(Records contained in a dataset)
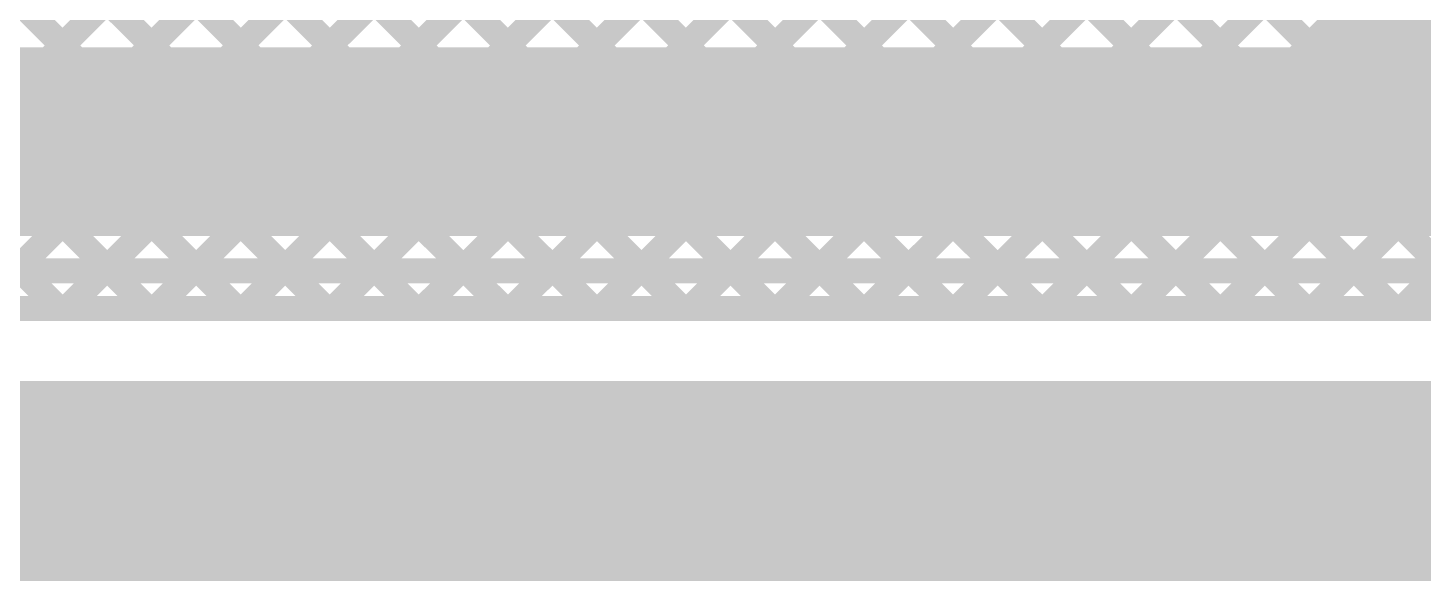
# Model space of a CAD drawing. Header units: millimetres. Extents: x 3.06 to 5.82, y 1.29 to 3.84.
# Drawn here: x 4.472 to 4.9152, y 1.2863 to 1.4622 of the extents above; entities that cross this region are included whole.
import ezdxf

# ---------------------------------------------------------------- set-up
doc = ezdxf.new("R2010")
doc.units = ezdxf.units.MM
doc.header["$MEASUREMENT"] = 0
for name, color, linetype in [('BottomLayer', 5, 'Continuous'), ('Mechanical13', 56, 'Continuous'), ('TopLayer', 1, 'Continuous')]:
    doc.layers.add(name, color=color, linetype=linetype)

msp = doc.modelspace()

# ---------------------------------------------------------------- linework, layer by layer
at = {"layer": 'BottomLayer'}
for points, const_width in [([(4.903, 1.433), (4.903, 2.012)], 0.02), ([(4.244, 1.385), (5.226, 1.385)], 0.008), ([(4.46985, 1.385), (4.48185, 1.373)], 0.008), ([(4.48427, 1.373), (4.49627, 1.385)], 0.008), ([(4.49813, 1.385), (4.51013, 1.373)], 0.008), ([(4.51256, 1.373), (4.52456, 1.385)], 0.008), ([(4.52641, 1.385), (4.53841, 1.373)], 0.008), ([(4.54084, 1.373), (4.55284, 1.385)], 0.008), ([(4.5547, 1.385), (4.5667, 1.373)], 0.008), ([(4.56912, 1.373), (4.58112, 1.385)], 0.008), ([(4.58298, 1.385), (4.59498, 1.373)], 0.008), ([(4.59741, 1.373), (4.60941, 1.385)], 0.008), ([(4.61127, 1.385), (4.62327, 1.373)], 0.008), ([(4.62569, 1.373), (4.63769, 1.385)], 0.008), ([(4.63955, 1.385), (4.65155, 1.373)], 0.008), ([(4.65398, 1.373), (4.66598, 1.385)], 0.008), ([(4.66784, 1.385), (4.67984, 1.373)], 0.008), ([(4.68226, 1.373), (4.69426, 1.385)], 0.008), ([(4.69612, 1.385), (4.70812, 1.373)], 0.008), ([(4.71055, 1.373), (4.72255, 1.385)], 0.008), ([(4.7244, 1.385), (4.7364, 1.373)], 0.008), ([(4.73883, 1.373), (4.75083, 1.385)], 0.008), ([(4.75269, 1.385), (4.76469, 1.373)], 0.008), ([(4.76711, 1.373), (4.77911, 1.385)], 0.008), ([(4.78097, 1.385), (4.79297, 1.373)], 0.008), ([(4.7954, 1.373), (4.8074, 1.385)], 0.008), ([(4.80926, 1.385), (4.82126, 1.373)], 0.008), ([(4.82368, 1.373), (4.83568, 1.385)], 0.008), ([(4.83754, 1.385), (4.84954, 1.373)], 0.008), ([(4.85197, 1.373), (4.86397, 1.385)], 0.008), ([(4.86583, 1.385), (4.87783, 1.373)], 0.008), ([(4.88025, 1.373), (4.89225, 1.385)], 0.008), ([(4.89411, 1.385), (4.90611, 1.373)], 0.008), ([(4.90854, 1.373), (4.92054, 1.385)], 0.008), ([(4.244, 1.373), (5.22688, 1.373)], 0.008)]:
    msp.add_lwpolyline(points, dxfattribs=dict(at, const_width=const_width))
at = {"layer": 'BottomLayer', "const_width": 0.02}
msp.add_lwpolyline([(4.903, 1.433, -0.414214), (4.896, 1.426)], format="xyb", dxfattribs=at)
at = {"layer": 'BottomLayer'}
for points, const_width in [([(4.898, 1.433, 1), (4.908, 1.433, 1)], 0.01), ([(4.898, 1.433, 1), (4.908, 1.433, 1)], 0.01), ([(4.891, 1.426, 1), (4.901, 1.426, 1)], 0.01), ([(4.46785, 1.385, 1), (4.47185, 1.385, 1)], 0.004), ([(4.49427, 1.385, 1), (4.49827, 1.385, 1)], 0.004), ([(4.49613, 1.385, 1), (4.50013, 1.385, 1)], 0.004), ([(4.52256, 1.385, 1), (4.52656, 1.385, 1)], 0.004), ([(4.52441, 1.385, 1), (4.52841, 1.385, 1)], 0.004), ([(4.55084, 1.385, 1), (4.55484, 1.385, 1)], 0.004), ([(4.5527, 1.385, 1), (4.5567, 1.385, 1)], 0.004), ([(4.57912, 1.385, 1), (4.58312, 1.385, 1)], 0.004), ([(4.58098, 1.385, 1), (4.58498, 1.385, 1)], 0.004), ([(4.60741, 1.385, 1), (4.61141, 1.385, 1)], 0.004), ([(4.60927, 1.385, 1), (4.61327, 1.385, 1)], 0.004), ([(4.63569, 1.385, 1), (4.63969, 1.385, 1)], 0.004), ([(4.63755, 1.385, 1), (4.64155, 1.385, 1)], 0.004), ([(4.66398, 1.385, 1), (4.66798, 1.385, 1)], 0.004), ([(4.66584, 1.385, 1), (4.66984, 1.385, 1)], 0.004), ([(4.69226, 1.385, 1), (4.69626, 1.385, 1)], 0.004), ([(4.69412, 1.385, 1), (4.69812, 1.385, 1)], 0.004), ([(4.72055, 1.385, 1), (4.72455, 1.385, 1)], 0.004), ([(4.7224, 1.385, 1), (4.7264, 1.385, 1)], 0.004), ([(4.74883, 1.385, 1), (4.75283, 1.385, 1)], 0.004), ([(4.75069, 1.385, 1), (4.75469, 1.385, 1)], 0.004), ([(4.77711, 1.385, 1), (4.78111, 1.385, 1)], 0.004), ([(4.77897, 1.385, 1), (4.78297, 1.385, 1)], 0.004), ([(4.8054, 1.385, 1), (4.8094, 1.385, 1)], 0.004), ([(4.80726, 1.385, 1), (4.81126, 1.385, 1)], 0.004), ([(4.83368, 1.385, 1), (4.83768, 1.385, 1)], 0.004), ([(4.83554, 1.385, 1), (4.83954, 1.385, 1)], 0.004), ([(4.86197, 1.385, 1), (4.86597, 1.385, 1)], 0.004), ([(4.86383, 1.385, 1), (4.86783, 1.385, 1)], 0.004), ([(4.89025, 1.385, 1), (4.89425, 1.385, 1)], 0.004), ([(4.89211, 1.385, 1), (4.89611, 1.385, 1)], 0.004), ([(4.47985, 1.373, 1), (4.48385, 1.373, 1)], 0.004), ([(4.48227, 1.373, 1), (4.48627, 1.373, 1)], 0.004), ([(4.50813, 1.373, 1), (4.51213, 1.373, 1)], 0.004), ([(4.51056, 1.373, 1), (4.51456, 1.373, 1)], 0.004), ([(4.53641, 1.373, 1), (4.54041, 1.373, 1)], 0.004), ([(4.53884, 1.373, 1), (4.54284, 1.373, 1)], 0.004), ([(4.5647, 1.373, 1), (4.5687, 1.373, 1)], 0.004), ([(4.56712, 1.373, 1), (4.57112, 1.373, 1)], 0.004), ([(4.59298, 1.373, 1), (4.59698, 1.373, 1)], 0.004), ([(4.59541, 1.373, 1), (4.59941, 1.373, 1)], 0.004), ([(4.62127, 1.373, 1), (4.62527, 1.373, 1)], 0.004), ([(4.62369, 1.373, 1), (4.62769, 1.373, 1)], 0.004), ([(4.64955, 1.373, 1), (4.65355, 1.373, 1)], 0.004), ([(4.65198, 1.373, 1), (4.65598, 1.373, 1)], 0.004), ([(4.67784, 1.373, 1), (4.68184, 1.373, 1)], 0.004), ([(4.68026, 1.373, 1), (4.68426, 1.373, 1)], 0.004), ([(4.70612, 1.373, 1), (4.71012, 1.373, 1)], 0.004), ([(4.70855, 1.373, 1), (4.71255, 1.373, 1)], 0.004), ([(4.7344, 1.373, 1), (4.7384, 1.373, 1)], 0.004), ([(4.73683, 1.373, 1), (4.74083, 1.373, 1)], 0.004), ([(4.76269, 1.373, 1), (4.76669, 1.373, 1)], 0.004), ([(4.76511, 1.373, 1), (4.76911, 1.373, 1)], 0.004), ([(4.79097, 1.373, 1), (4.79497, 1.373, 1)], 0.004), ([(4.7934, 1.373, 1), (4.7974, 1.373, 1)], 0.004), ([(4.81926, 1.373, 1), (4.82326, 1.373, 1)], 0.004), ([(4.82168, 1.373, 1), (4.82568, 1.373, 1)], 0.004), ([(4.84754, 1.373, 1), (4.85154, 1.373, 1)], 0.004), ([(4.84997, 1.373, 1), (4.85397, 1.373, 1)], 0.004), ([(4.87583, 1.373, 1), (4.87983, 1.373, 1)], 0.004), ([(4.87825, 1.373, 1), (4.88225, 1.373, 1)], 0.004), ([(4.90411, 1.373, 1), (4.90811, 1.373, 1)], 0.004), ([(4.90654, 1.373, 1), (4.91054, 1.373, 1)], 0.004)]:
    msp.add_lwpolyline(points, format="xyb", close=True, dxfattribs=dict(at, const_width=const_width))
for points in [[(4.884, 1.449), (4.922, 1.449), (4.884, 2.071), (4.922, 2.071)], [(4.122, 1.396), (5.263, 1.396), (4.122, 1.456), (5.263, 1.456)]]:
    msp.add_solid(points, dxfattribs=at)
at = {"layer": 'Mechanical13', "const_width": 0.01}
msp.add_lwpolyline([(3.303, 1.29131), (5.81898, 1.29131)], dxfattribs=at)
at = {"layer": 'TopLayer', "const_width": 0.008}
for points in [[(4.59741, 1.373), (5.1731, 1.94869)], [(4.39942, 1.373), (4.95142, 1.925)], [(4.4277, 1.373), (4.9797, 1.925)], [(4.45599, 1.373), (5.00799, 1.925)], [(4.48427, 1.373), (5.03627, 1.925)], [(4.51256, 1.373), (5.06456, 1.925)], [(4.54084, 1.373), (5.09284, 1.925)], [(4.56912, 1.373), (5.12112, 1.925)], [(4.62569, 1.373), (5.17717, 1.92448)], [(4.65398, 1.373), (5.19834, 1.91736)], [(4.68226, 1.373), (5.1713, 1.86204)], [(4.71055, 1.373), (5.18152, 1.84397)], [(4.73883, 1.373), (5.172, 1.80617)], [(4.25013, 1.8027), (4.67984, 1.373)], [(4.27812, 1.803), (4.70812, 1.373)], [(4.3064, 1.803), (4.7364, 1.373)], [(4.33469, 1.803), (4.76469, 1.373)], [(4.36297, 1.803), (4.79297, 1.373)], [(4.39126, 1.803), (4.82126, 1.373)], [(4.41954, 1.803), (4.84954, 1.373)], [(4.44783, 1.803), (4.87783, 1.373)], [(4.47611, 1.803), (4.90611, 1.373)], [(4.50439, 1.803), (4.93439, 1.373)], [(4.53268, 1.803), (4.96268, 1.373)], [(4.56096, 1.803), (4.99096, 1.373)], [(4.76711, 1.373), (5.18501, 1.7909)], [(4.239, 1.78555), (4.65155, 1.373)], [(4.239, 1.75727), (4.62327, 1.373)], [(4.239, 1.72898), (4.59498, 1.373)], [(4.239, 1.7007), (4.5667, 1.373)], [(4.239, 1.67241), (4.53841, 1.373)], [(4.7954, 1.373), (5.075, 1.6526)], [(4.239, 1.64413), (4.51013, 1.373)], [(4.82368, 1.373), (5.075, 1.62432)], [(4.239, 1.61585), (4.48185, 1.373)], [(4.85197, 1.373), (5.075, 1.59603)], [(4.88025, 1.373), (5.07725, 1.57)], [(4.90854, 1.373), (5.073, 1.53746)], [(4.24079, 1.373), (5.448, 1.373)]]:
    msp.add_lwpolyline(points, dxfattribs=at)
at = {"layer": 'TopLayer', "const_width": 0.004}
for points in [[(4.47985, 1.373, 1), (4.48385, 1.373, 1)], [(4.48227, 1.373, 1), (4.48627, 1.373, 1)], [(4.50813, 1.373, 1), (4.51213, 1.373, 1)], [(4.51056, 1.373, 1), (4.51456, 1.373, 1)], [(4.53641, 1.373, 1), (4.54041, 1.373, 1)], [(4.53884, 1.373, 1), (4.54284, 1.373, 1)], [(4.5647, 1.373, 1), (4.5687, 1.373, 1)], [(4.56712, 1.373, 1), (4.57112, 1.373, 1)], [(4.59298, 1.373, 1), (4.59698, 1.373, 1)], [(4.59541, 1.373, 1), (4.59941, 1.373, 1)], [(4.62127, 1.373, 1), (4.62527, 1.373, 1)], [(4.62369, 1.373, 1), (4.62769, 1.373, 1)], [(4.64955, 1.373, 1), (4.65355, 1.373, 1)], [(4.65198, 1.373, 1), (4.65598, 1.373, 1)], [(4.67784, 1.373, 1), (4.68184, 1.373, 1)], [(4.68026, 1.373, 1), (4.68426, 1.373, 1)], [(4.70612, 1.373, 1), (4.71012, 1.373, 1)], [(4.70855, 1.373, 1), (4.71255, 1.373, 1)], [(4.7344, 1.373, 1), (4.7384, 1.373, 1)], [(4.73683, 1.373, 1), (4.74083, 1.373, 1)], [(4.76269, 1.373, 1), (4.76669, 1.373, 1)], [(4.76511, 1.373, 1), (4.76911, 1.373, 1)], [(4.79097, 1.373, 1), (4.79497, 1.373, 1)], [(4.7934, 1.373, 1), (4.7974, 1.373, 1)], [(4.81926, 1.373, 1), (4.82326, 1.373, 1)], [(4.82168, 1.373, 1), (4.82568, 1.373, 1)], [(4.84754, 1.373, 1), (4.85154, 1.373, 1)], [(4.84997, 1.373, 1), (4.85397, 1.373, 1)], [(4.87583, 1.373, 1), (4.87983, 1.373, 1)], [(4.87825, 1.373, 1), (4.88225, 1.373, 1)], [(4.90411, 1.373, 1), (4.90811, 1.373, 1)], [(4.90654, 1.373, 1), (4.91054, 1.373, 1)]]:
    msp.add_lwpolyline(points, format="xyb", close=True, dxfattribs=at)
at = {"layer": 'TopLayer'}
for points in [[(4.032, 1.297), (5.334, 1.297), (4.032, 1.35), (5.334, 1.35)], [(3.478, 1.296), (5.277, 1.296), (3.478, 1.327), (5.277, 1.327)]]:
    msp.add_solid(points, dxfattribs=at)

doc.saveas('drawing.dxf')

* [AIM OF THE TASK]:
Work out the count of lines in the data above containing the string "units". Give it alone.

* [ANSWER TO THIS TASK]:
2